An invitation to present to the board typically generates one of two reactions:
- Stress and anxiety, based on fear
- Smug self-assurance, the classic know-it-all outlook
Apprehension and nervousness can be overcome with extensive preparation. Complacency and confidence, on the other hand, are destined for missed opportunities. When people underestimate the significance of an invitation, they face a slippery slope.
Board presence, like executive presence, demands a combination of finely-tuned communications skills and engagement expertise along very specific standards and guidelines.

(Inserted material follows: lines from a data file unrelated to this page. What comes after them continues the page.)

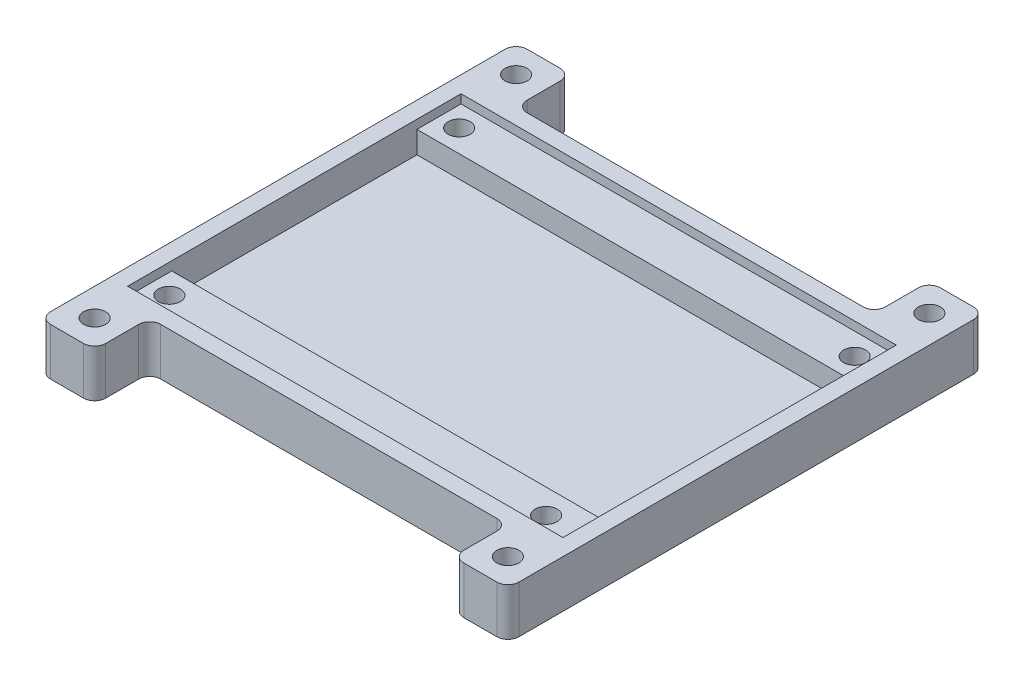
from build123d import *

# Parameters (mm, degrees)
SKETCH2_W           = 85
SKETCH2_H           = 66.5
BOSS_EXTRUDE2_DEPTH = 3
SKETCH3_W           = 85
SKETCH3_H           = 66.5
SKETCH3_W_2         = 79
SKETCH3_H_2         = 60.5
SKETCH3_H_3         = 8
BOSS_EXTRUDE3_DEPTH = 4
SKETCH4_R           = 2
CUT_EXTRUDE1_DEPTH  = 4.5
SKETCH5_W           = 85
SKETCH5_H           = 66.5
SKETCH5_W_2         = 79
SKETCH5_H_2         = 60.5
BOSS_EXTRUDE4_DEPTH = 1.6
BOSS_EXTRUDE5_START = -8.6
SKETCH6_W           = 10
SKETCH6_H           = 10
BOSS_EXTRUDE5_DEPTH = 8.6
CUT_EXTRUDE2_DEPTH  = 4.5
FILLET1_R           = 2


with BuildPart() as part:
    # Sketch2 → Boss-Extrude2 (new body)
    with BuildSketch(Plane(origin=(0, 0, 0), x_dir=(1, 0, 0), z_dir=(0, 1, 0))):
        Rectangle(SKETCH2_W, SKETCH2_H)
    extrude(amount=BOSS_EXTRUDE2_DEPTH)

    # Sketch3 → Boss-Extrude3 (add)
    # profile 1 of 3: a face of its own
    with BuildSketch(Plane(origin=(0, 3, 0), x_dir=(1, 0, 0), z_dir=(0, 1, 0))):
        Rectangle(SKETCH3_W, SKETCH3_H)
        Rectangle(SKETCH3_W_2, SKETCH3_H_2, mode=Mode.SUBTRACT)
    # profile 2 of 3: a face of its own
    with BuildSketch(Plane(origin=(0, 3, 0), x_dir=(1, 0, 0), z_dir=(0, 1, 0))):
        with Locations((0, 26.25)):
            Rectangle(SKETCH3_W_2, SKETCH3_H_3)
    # profile 3 of 3: a face of its own
    with BuildSketch(Plane(origin=(0, 3, 0), x_dir=(1, 0, 0), z_dir=(0, 1, 0))):
        with Locations((0, -26.25)):
            Rectangle(SKETCH3_W_2, SKETCH3_H_3)
    extrude(amount=BOSS_EXTRUDE3_DEPTH)

    # Sketch4 → Cut-Extrude1 (cut)
    with BuildSketch(Plane(origin=(0, 7, 0), x_dir=(1, 0, 0), z_dir=(0, 1, 0))):
        with Locations(Location((-35.89, 26.3, 0), (0, 0, 270))):
            Circle(SKETCH4_R)
        with Locations(Location((-35.89, -26.3, 0), (0, 0, 270))):
            Circle(SKETCH4_R)
        with Locations(Location((35.89, 26.3, 0), (0, 0, 270))):
            Circle(SKETCH4_R)
        with Locations(Location((32.89, -26.69684774, 0), (0, 0, 270))):
            Circle(SKETCH4_R)
    extrude(amount=-CUT_EXTRUDE1_DEPTH, mode=Mode.SUBTRACT)

    # Sketch5 → Boss-Extrude4 (add)
    with BuildSketch(Plane(origin=(0, 7, 0), x_dir=(1, 0, 0), z_dir=(0, 1, 0))):
        Rectangle(SKETCH5_W, SKETCH5_H)
        Rectangle(SKETCH5_W_2, SKETCH5_H_2, mode=Mode.SUBTRACT)
    extrude(amount=BOSS_EXTRUDE4_DEPTH)

    # Sketch6 → Boss-Extrude5 (add)
    with BuildSketch(Plane.XZ.offset(BOSS_EXTRUDE5_START)):
        with Locations((-37.5, -38.25)):
            Rectangle(SKETCH6_W, SKETCH6_H)
        with Locations((37.5, -38.25)):
            Rectangle(SKETCH6_W, SKETCH6_H)
        with Locations((37.5, 38.25)):
            Rectangle(SKETCH6_W, SKETCH6_H)
        with Locations((-37.5, 38.25)):
            Rectangle(SKETCH6_W, SKETCH6_H)
    extrude(amount=BOSS_EXTRUDE5_DEPTH)

    # Sketch7 → Cut-Extrude2 (cut)
    with BuildSketch(Plane(origin=(0, 8.6, 0), x_dir=(1, 0, 0), z_dir=(0, 1, 0))):
        with BuildLine():
            ThreePointArc((-38.914213562, 39.664213562), (-38.914213562, 36.835786438), (-36.085786438, 36.835786438))
            Line((-36.085786438, 36.835786438), (-38.914213562, 39.664213562))
        make_face()
        with BuildLine():
            Line((-38.914213562, 39.664213562), (-36.085786438, 36.835786438))
            ThreePointArc((-36.085786438, 36.835786438), (-35.652240935, 37.484633135), (-35.5, 38.25))
            ThreePointArc((-35.5, 38.25), (-36.734633135, 40.097759065), (-38.914213562, 39.664213562))
        make_face()
        with BuildLine():
            ThreePointArc((38.914213562, 39.664213562), (36.085786438, 39.664213562), (36.085786438, 36.835786438))
            Line((36.085786438, 36.835786438), (38.914213562, 39.664213562))
        make_face()
        with BuildLine():
            Line((38.914213562, 39.664213562), (36.085786438, 36.835786438))
            ThreePointArc((36.085786438, 36.835786438), (38.265366865, 36.402240935), (39.5, 38.25))
            ThreePointArc((39.5, 38.25), (39.347759065, 39.015366865), (38.914213562, 39.664213562))
        make_face()
        with BuildLine():
            ThreePointArc((39.5, -38.25), (38.265366865, -36.402240935), (36.085786438, -36.835786438))
            Line((36.085786438, -36.835786438), (38.914213562, -39.664213562))
            ThreePointArc((38.914213562, -39.664213562), (39.347759065, -39.015366865), (39.5, -38.25))
        make_face()
        with BuildLine():
            Line((38.914213562, -39.664213562), (36.085786438, -36.835786438))
            ThreePointArc((36.085786438, -36.835786438), (36.085786438, -39.664213562), (38.914213562, -39.664213562))
        make_face()
        with BuildLine():
            ThreePointArc((-36.085786438, -36.835786438), (-38.914213562, -36.835786438), (-38.914213562, -39.664213562))
            Line((-38.914213562, -39.664213562), (-36.085786438, -36.835786438))
        make_face()
        with BuildLine():
            Line((-36.085786438, -36.835786438), (-38.914213562, -39.664213562))
            ThreePointArc((-38.914213562, -39.664213562), (-36.734633135, -40.097759065), (-35.5, -38.25))
            ThreePointArc((-35.5, -38.25), (-35.652240935, -37.484633135), (-36.085786438, -36.835786438))
        make_face()
    extrude(amount=-CUT_EXTRUDE2_DEPTH, mode=Mode.SUBTRACT)

    # Fillet1
    fillet1_edges = [part.edges().sort_by_distance(p)[0] for p in [
        (42.5, 4.3, -43.25),
        (32.5, 4.3, -43.25),
        (32.5, 4.3, -33.25),
        (42.5, 4.3, 43.25),
        (32.5, 4.3, 33.25),
        (32.5, 4.3, 43.25),
        (-42.5, 4.3, 43.25),
        (-32.5, 4.3, 43.25),
        (-32.5, 4.3, 33.25),
        (-42.5, 4.3, -43.25),
        (-32.5, 4.3, -33.25),
        (-32.5, 4.3, -43.25),
    ]]
    fillet(fillet1_edges, radius=FILLET1_R)


solid = part.part

Achieving Board Presence: Six Essential Steps
Meticulous preparation is the prime factor that makes or breaks a presentation. The specifications are as exacting as media interviews or facing a full auditorium, but very different, indeed. For starters, there is a code of conduct. Although conscious of strict courtroom behaviors, like rising for the judge, many executives are not familiar with the conventions of meeting with the board. This is the starting point for preparation.
1. Understand the protocols as a guest at an exclusive club.
Every senior executive is a visiting guest of the board — not a member of its elite, private club. The atmosphere is formal but friendly, where directors exchange comments among themselves. For presenters, any suggestion of familiarity is out of line.
2. Be aware of how the board’s responsibilities may impact your future.
Managing succession planning is one of the key functions of boards of directors. They actively monitor high-potential people for future leadership roles. Directors are on high alert for promising candidates. Prospects for advancement are seriously impacted by board recommendations.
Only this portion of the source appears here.